Performance of Bayesian REX

  • We measured the performance of Bayesian REX across five Atari games, compared with T-REX [1] and GAIL [2], two state-of-the-art imitation learning approaches

  • We tested optimizing a policy based on the mean and MAP reward function from the learned posterior

  • Performance is measured by ground-truth score

  • The dotted line indicates the performance of the best demonstration

  • Performance is normalized based on best demonstration. So a score of two indicates doubling demonstrator performance, etc.

  • B-REX is highly competitive for best overall performance, achieving state-of-the-art on three out of five games

    • Note that the T-REX approach is very similar to that of B-REX, and differs only in that it provides a single reward function estimate. As such, its performance should be expected to be the closest; it wins on the other two out of five games

    • Since B-REX is essentially an adaptation of T-REX into a Bayesian setting, this is ideal.

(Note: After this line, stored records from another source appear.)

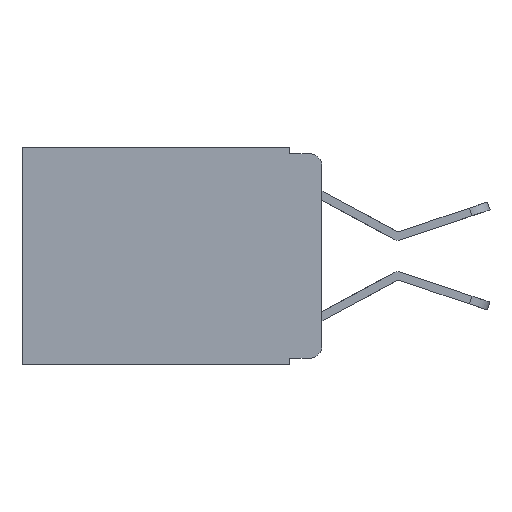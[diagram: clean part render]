
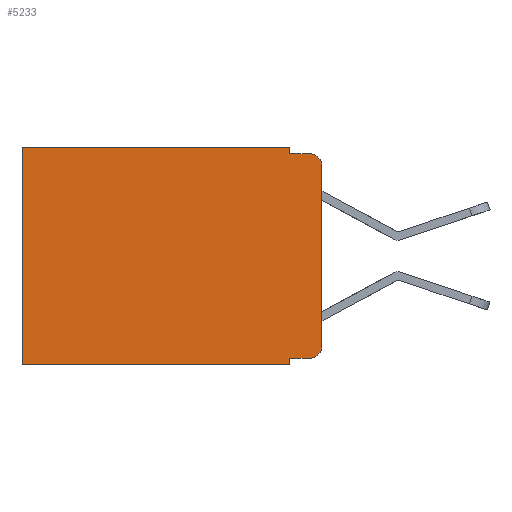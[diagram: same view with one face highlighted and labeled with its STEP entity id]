
A CAD part, left-side view. The second image highlights one B-rep face of the part: STEP entity #5233.
In plain terms, the highlighted planar face has unit normal (-1, 0, 0).
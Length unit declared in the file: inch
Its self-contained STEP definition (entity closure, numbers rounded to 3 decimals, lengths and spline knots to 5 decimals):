
#54 = CARTESIAN_POINT ( 'NONE',  ( 0.298, 0.473, -0.343 ) ) ;
#70 = PLANE ( 'NONE',  #1075 ) ;
#168 = VERTEX_POINT ( 'NONE', #1452 ) ;
#182 = DIRECTION ( 'NONE',  ( 0., 1., 0. ) ) ;
#252 = VERTEX_POINT ( 'NONE', #3909 ) ;
#328 = LINE ( 'NONE', #11626, #2485 ) ;
#396 = LINE ( 'NONE', #8816, #7727 ) ;
#457 = AXIS2_PLACEMENT_3D ( 'NONE', #2003, #8495, #3036 ) ;
#660 = DIRECTION ( 'NONE',  ( 0., 0., -1. ) ) ;
#685 = DIRECTION ( 'NONE',  ( 0., -1., 0. ) ) ;
#759 = CARTESIAN_POINT ( 'NONE',  ( 0.298, 0.051, -0.01 ) ) ;
#762 = ORIENTED_EDGE ( 'NONE', *, *, #2028, .F. ) ;
#1075 = AXIS2_PLACEMENT_3D ( 'NONE', #4985, #2177, #4659 ) ;
#1194 = CARTESIAN_POINT ( 'NONE',  ( 0.298, 0.051, -0.333 ) ) ;
#1288 = ORIENTED_EDGE ( 'NONE', *, *, #9350, .F. ) ;
#1316 = EDGE_LOOP ( 'NONE', ( #1550, #2362, #1288, #7834, #8016, #8745, #762, #8439, #8576, #10003 ) ) ;
#1383 = LINE ( 'NONE', #5748, #3727 ) ;
#1452 = CARTESIAN_POINT ( 'NONE',  ( 0.298, 0.02, -0.01 ) ) ;
#1543 = CARTESIAN_POINT ( 'NONE',  ( 0.298, 0.473, 0. ) ) ;
#1550 = ORIENTED_EDGE ( 'NONE', *, *, #5082, .F. ) ;
#1827 = DIRECTION ( 'NONE',  ( 0., -1., 0. ) ) ;
#1849 = CARTESIAN_POINT ( 'NONE',  ( 0.298, 0.051, -0.333 ) ) ;
#2003 = CARTESIAN_POINT ( 'NONE',  ( 0.298, 0.02, -0.03 ) ) ;
#2028 = EDGE_CURVE ( 'NONE', #7876, #8150, #396, .T. ) ;
#2152 = VERTEX_POINT ( 'NONE', #7052 ) ;
#2177 = DIRECTION ( 'NONE',  ( 1., 0., 0. ) ) ;
#2362 = ORIENTED_EDGE ( 'NONE', *, *, #11301, .T. ) ;
#2485 = VECTOR ( 'NONE', #660, 39.37008 ) ;
#2558 = VERTEX_POINT ( 'NONE', #5853 ) ;
#2632 = DIRECTION ( 'NONE',  ( -1., 0., 0. ) ) ;
#2672 = VECTOR ( 'NONE', #1827, 39.37008 ) ;
#2866 = VECTOR ( 'NONE', #10152, 39.37008 ) ;
#2903 = CARTESIAN_POINT ( 'NONE',  ( 0.298, 0., -0.03 ) ) ;
#2934 = EDGE_CURVE ( 'NONE', #6093, #2152, #1383, .T. ) ;
#2992 = LINE ( 'NONE', #8836, #7577 ) ;
#3036 = DIRECTION ( 'NONE',  ( 0., 0., -1. ) ) ;
#3727 = VECTOR ( 'NONE', #10771, 39.37008 ) ;
#3909 = CARTESIAN_POINT ( 'NONE',  ( 0.298, 0.02, -0.333 ) ) ;
#4335 = VECTOR ( 'NONE', #685, 39.37008 ) ;
#4659 = DIRECTION ( 'NONE',  ( 0., 0., -1. ) ) ;
#4985 = CARTESIAN_POINT ( 'NONE',  ( 0.298, 0., 0. ) ) ;
#5082 = EDGE_CURVE ( 'NONE', #10673, #2558, #11850, .T. ) ;
#5159 = EDGE_CURVE ( 'NONE', #7083, #252, #11622, .T. ) ;
#5176 = VERTEX_POINT ( 'NONE', #7269 ) ;
#5233 = ADVANCED_FACE ( 'NONE', ( #5897 ), #70, .F. ) ;
#5748 = CARTESIAN_POINT ( 'NONE',  ( 0.298, 0.051, 0. ) ) ;
#5853 = CARTESIAN_POINT ( 'NONE',  ( 0.298, 0., -0.313 ) ) ;
#5897 = FACE_OUTER_BOUND ( 'NONE', #1316, .T. ) ;
#6093 = VERTEX_POINT ( 'NONE', #7517 ) ;
#6402 = EDGE_CURVE ( 'NONE', #6093, #5176, #2992, .T. ) ;
#7052 = CARTESIAN_POINT ( 'NONE',  ( 0.298, 0.051, -0.01 ) ) ;
#7083 = VERTEX_POINT ( 'NONE', #1194 ) ;
#7269 = CARTESIAN_POINT ( 'NONE',  ( 0.298, 0.473, 0. ) ) ;
#7517 = CARTESIAN_POINT ( 'NONE',  ( 0.298, 0.051, 0. ) ) ;
#7566 = LINE ( 'NONE', #759, #2672 ) ;
#7577 = VECTOR ( 'NONE', #9701, 39.37008 ) ;
#7727 = VECTOR ( 'NONE', #182, 39.37008 ) ;
#7792 = CIRCLE ( 'NONE', #457, 0.02 ) ;
#7834 = ORIENTED_EDGE ( 'NONE', *, *, #2934, .F. ) ;
#7876 = VERTEX_POINT ( 'NONE', #10675 ) ;
#8016 = ORIENTED_EDGE ( 'NONE', *, *, #6402, .T. ) ;
#8104 = DIRECTION ( 'NONE',  ( 0., 0., -1. ) ) ;
#8139 = CARTESIAN_POINT ( 'NONE',  ( 0.298, 0.02, -0.313 ) ) ;
#8150 = VERTEX_POINT ( 'NONE', #54 ) ;
#8439 = ORIENTED_EDGE ( 'NONE', *, *, #10540, .F. ) ;
#8495 = DIRECTION ( 'NONE',  ( -1., 0., 0. ) ) ;
#8576 = ORIENTED_EDGE ( 'NONE', *, *, #5159, .T. ) ;
#8745 = ORIENTED_EDGE ( 'NONE', *, *, #11631, .T. ) ;
#8816 = CARTESIAN_POINT ( 'NONE',  ( 0.298, 0., -0.343 ) ) ;
#8836 = CARTESIAN_POINT ( 'NONE',  ( 0.298, 0., 0. ) ) ;
#9050 = DIRECTION ( 'NONE',  ( 0., 0., -1. ) ) ;
#9350 = EDGE_CURVE ( 'NONE', #2152, #168, #7566, .T. ) ;
#9701 = DIRECTION ( 'NONE',  ( 0., 1., 0. ) ) ;
#10003 = ORIENTED_EDGE ( 'NONE', *, *, #11090, .T. ) ;
#10152 = DIRECTION ( 'NONE',  ( 0., 0., -1. ) ) ;
#10306 = AXIS2_PLACEMENT_3D ( 'NONE', #8139, #2632, #9050 ) ;
#10392 = CARTESIAN_POINT ( 'NONE',  ( 0.298, 0., 0. ) ) ;
#10540 = EDGE_CURVE ( 'NONE', #7083, #7876, #328, .T. ) ;
#10659 = VECTOR ( 'NONE', #8104, 39.37008 ) ;
#10673 = VERTEX_POINT ( 'NONE', #2903 ) ;
#10675 = CARTESIAN_POINT ( 'NONE',  ( 0.298, 0.051, -0.343 ) ) ;
#10771 = DIRECTION ( 'NONE',  ( 0., 0., -1. ) ) ;
#10907 = LINE ( 'NONE', #1543, #10659 ) ;
#11090 = EDGE_CURVE ( 'NONE', #252, #2558, #11553, .T. ) ;
#11301 = EDGE_CURVE ( 'NONE', #10673, #168, #7792, .T. ) ;
#11553 = CIRCLE ( 'NONE', #10306, 0.02 ) ;
#11622 = LINE ( 'NONE', #1849, #4335 ) ;
#11626 = CARTESIAN_POINT ( 'NONE',  ( 0.298, 0.051, 0. ) ) ;
#11631 = EDGE_CURVE ( 'NONE', #5176, #8150, #10907, .T. ) ;
#11850 = LINE ( 'NONE', #10392, #2866 ) ;

It demonstrates that adding Bayesian analysis atop T-REX is possible without negatively impacting game performance; on the contrary the B-REX MAP reward often outperforms T-REX

  • It is also important to note that the other approaches do not offer an entire reward distribution like B-REX. This comparison is strictly ground-truth game performance; only B-REX is capable of doing the risk-based analysis described previously

[1] Brown, Daniel, et al. "Extrapolating Beyond Suboptimal Demonstrations via Inverse Reinforcement Learning from Observations." ICML. 2019.
[2] Ho, Jonathan, and Stefano Ermon. "Generative adversarial imitation learning." NeurIPS 2016.